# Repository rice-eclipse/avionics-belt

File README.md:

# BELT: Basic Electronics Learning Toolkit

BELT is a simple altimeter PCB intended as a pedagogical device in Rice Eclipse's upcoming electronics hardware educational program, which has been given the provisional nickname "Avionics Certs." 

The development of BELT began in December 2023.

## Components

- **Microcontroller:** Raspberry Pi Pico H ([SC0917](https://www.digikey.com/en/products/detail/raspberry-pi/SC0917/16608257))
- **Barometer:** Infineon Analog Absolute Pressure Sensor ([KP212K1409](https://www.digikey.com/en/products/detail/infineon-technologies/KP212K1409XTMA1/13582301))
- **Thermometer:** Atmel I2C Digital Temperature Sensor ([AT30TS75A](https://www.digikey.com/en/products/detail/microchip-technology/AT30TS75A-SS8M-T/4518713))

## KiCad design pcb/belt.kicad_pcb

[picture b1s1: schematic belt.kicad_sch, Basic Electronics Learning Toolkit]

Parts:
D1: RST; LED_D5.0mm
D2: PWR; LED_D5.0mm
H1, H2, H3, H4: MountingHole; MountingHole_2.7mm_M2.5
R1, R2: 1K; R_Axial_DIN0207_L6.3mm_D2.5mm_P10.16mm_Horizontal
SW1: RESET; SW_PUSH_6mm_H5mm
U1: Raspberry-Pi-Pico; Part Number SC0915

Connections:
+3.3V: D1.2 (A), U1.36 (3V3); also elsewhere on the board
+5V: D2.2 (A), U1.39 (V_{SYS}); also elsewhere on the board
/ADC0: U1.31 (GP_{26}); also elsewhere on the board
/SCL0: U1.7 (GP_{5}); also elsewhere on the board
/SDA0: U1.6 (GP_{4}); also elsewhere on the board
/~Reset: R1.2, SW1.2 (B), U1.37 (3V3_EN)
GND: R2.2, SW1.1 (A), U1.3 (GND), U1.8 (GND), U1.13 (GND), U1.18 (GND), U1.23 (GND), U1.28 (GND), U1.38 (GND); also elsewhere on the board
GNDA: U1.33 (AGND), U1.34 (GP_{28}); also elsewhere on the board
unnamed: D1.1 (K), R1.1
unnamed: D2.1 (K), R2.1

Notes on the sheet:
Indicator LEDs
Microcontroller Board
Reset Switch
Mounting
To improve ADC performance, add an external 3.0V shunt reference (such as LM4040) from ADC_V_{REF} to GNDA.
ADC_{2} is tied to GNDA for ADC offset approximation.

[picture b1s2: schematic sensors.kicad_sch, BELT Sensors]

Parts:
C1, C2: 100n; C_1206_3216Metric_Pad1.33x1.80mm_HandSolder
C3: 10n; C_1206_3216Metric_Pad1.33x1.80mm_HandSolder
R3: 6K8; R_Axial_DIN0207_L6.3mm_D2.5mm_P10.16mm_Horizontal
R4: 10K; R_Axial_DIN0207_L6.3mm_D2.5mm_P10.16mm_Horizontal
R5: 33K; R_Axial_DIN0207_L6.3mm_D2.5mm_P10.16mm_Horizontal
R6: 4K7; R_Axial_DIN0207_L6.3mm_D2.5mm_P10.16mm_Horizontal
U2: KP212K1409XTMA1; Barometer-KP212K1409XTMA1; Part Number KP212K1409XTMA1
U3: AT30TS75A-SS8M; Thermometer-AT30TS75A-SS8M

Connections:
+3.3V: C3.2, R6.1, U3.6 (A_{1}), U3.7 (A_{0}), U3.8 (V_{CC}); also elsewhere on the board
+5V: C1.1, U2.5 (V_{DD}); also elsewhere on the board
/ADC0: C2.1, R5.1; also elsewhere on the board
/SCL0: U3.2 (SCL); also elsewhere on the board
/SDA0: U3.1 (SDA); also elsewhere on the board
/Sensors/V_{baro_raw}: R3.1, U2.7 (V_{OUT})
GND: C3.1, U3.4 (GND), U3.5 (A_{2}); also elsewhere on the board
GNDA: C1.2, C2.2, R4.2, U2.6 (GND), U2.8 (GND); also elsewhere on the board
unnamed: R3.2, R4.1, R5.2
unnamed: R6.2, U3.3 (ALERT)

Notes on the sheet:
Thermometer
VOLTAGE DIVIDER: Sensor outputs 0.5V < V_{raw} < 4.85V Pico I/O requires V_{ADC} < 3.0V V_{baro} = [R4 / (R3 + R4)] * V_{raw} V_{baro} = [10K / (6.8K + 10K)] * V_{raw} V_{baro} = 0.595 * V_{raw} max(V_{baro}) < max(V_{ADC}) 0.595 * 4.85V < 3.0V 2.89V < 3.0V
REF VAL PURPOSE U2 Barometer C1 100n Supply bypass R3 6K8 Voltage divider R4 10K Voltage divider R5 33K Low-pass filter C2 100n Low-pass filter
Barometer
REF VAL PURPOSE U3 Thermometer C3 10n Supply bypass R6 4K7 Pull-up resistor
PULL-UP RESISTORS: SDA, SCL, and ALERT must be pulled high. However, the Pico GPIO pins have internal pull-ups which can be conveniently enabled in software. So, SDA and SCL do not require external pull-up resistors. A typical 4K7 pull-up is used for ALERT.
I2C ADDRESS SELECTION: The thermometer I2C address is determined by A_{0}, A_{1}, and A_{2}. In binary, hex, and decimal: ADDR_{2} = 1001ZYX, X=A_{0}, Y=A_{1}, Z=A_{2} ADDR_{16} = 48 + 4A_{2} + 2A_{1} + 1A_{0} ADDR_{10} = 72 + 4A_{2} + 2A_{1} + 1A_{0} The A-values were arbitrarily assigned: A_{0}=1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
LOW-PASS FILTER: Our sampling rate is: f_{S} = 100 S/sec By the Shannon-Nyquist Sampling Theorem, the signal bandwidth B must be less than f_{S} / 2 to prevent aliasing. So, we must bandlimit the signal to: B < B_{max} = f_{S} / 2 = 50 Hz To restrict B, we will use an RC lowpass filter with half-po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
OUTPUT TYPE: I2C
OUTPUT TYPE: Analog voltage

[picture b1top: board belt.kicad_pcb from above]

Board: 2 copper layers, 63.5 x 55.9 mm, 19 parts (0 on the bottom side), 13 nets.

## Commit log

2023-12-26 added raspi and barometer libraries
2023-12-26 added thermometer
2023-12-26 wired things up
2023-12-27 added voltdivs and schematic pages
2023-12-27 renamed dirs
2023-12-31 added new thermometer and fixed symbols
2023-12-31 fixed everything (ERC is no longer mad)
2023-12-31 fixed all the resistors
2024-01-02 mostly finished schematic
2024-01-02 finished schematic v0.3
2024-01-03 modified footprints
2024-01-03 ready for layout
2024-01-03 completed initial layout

* * * * * * *

Return each entry exactly. Leave none out.

# Repository rice-eclipse/avionics-belt

File README.md:

# BELT: Basic Electronics Learning Toolkit

BELT is a simple altimeter PCB intended as a pedagogical device in Rice Eclipse's upcoming electronics hardware educational program, which has been given the provisional nickname "Avionics Certs." 

The development of BELT began in December 2023.

## Components

- **Microcontroller:** Raspberry Pi Pico H ([SC0917](https://www.digikey.com/en/products/detail/raspberry-pi/SC0917/16608257))
- **Barometer:** Infineon Analog Absolute Pressure Sensor ([KP212K1409](https://www.digikey.com/en/products/detail/infineon-technologies/KP212K1409XTMA1/13582301))
- **Thermometer:** Atmel I2C Digital Temperature Sensor ([AT30TS75A](https://www.digikey.com/en/products/detail/microchip-technology/AT30TS75A-SS8M-T/4518713))

## KiCad design pcb/belt.kicad_pcb

[picture b1s1: schematic belt.kicad_sch, Basic Electronics Learning Toolkit]

Parts:
D1: RST; LED_D5.0mm
D2: PWR; LED_D5.0mm
H1, H2, H3, H4: MountingHole; MountingHole_2.7mm_M2.5
R1, R2: 1K; R_Axial_DIN0207_L6.3mm_D2.5mm_P10.16mm_Horizontal
SW1: RESET; SW_PUSH_6mm_H5mm
U1: Raspberry-Pi-Pico; Part Number SC0915

Connections:
+3.3V: D1.2 (A), U1.36 (3V3); also elsewhere on the board
+5V: D2.2 (A), U1.39 (V_{SYS}); also elsewhere on the board
/ADC0: U1.31 (GP_{26}); also elsewhere on the board
/SCL0: U1.7 (GP_{5}); also elsewhere on the board
/SDA0: U1.6 (GP_{4}); also elsewhere on the board
/~Reset: R1.2, SW1.2 (B), U1.37 (3V3_EN)
GND: R2.2, SW1.1 (A), U1.3 (GND), U1.8 (GND), U1.13 (GND), U1.18 (GND), U1.23 (GND), U1.28 (GND), U1.38 (GND); also elsewhere on the board
GNDA: U1.33 (AGND), U1.34 (GP_{28}); also elsewhere on the board
unnamed: D1.1 (K), R1.1
unnamed: D2.1 (K), R2.1

Notes on the sheet:
Indicator LEDs
Microcontroller Board
Reset Switch
Mounting
To improve ADC performance, add an external 3.0V shunt reference (such as LM4040) from ADC_V_{REF} to GNDA.
ADC_{2} is tied to GNDA for ADC offset approximation.

[picture b1s2: schematic sensors.kicad_sch, BELT Sensors]

Parts:
C1, C2: 100n; C_1206_3216Metric_Pad1.33x1.80mm_HandSolder
C3: 10n; C_1206_3216Metric_Pad1.33x1.80mm_HandSolder
R3: 6K8; R_Axial_DIN0207_L6.3mm_D2.5mm_P10.16mm_Horizontal
R4: 10K; R_Axial_DIN0207_L6.3mm_D2.5mm_P10.16mm_Horizontal
R5: 33K; R_Axial_DIN0207_L6.3mm_D2.5mm_P10.16mm_Horizontal
R6: 4K7; R_Axial_DIN0207_L6.3mm_D2.5mm_P10.16mm_Horizontal
U2: KP212K1409XTMA1; Barometer-KP212K1409XTMA1; Part Number KP212K1409XTMA1
U3: AT30TS75A-SS8M; Thermometer-AT30TS75A-SS8M

Connections:
+3.3V: C3.2, R6.1, U3.6 (A_{1}), U3.7 (A_{0}), U3.8 (V_{CC}); also elsewhere on the board
+5V: C1.1, U2.5 (V_{DD}); also elsewhere on the board
/ADC0: C2.1, R5.1; also elsewhere on the board
/SCL0: U3.2 (SCL); also elsewhere on the board
/SDA0: U3.1 (SDA); also elsewhere on the board
/Sensors/V_{baro_raw}: R3.1, U2.7 (V_{OUT})
GND: C3.1, U3.4 (GND), U3.5 (A_{2}); also elsewhere on the board
GNDA: C1.2, C2.2, R4.2, U2.6 (GND), U2.8 (GND); also elsewhere on the board
unnamed: R3.2, R4.1, R5.2
unnamed: R6.2, U3.3 (ALERT)

Notes on the sheet:
Thermometer
VOLTAGE DIVIDER: Sensor outputs 0.5V < V_{raw} < 4.85V Pico I/O requires V_{ADC} < 3.0V V_{baro} = [R4 / (R3 + R4)] * V_{raw} V_{baro} = [10K / (6.8K + 10K)] * V_{raw} V_{baro} = 0.595 * V_{raw} max(V_{baro}) < max(V_{ADC}) 0.595 * 4.85V < 3.0V 2.89V < 3.0V
REF VAL PURPOSE U2 Barometer C1 100n Supply bypass R3 6K8 Voltage divider R4 10K Voltage divider R5 33K Low-pass filter C2 100n Low-pass filter
Barometer
REF VAL PURPOSE U3 Thermometer C3 10n Supply bypass R6 4K7 Pull-up resistor
PULL-UP RESISTORS: SDA, SCL, and ALERT must be pulled high. However, the Pico GPIO pins have internal pull-ups which can be conveniently enabled in software. So, SDA and SCL do not require external pull-up resistors. A typical 4K7 pull-up is used for ALERT.
I2C ADDRESS SELECTION: The thermometer I2C address is determined by A_{0}, A_{1}, and A_{2}. In binary, hex, and decimal: ADDR_{2} = 1001ZYX, X=A_{0}, Y=A_{1}, Z=A_{2} ADDR_{16} = 48 + 4A_{2} + 2A_{1} + 1A_{0} ADDR_{10} = 72 + 4A_{2} + 2A_{1} + 1A_{0} The A-values were arbitrarily assigned: A_{0}=1
LOW-PASS FILTER: Our sampling rate is: f_{S} = 100 S/sec By the Shannon-Nyquist Sampling Theorem, the signal bandwidth B must be less than f_{S} / 2 to prevent aliasing. So, we must bandlimit the signal to: B < B_{max} = f_{S} / 2 = 50 Hz To restrict B, we will use an RC lowpass filter with half-po
OUTPUT TYPE: I2C
OUTPUT TYPE: Analog voltage

[picture b1top: board belt.kicad_pcb from above]

Board: 2 copper layers, 63.5 x 55.9 mm, 19 parts (0 on the bottom side), 13 nets.

## Commit log

2023-12-26 added raspi and barometer libraries
2023-12-26 added thermometer
2023-12-26 wired things up
2023-12-27 added voltdivs and schematic pages
2023-12-27 renamed dirs
2023-12-31 added new thermometer and fixed symbols
2023-12-31 fixed everything (ERC is no longer mad)
2023-12-31 fixed all the resistors
2024-01-02 mostly finished schematic
2024-01-02 finished schematic v0.3
2024-01-03 modified footprints
2024-01-03 ready for layout
2024-01-03 completed initial layout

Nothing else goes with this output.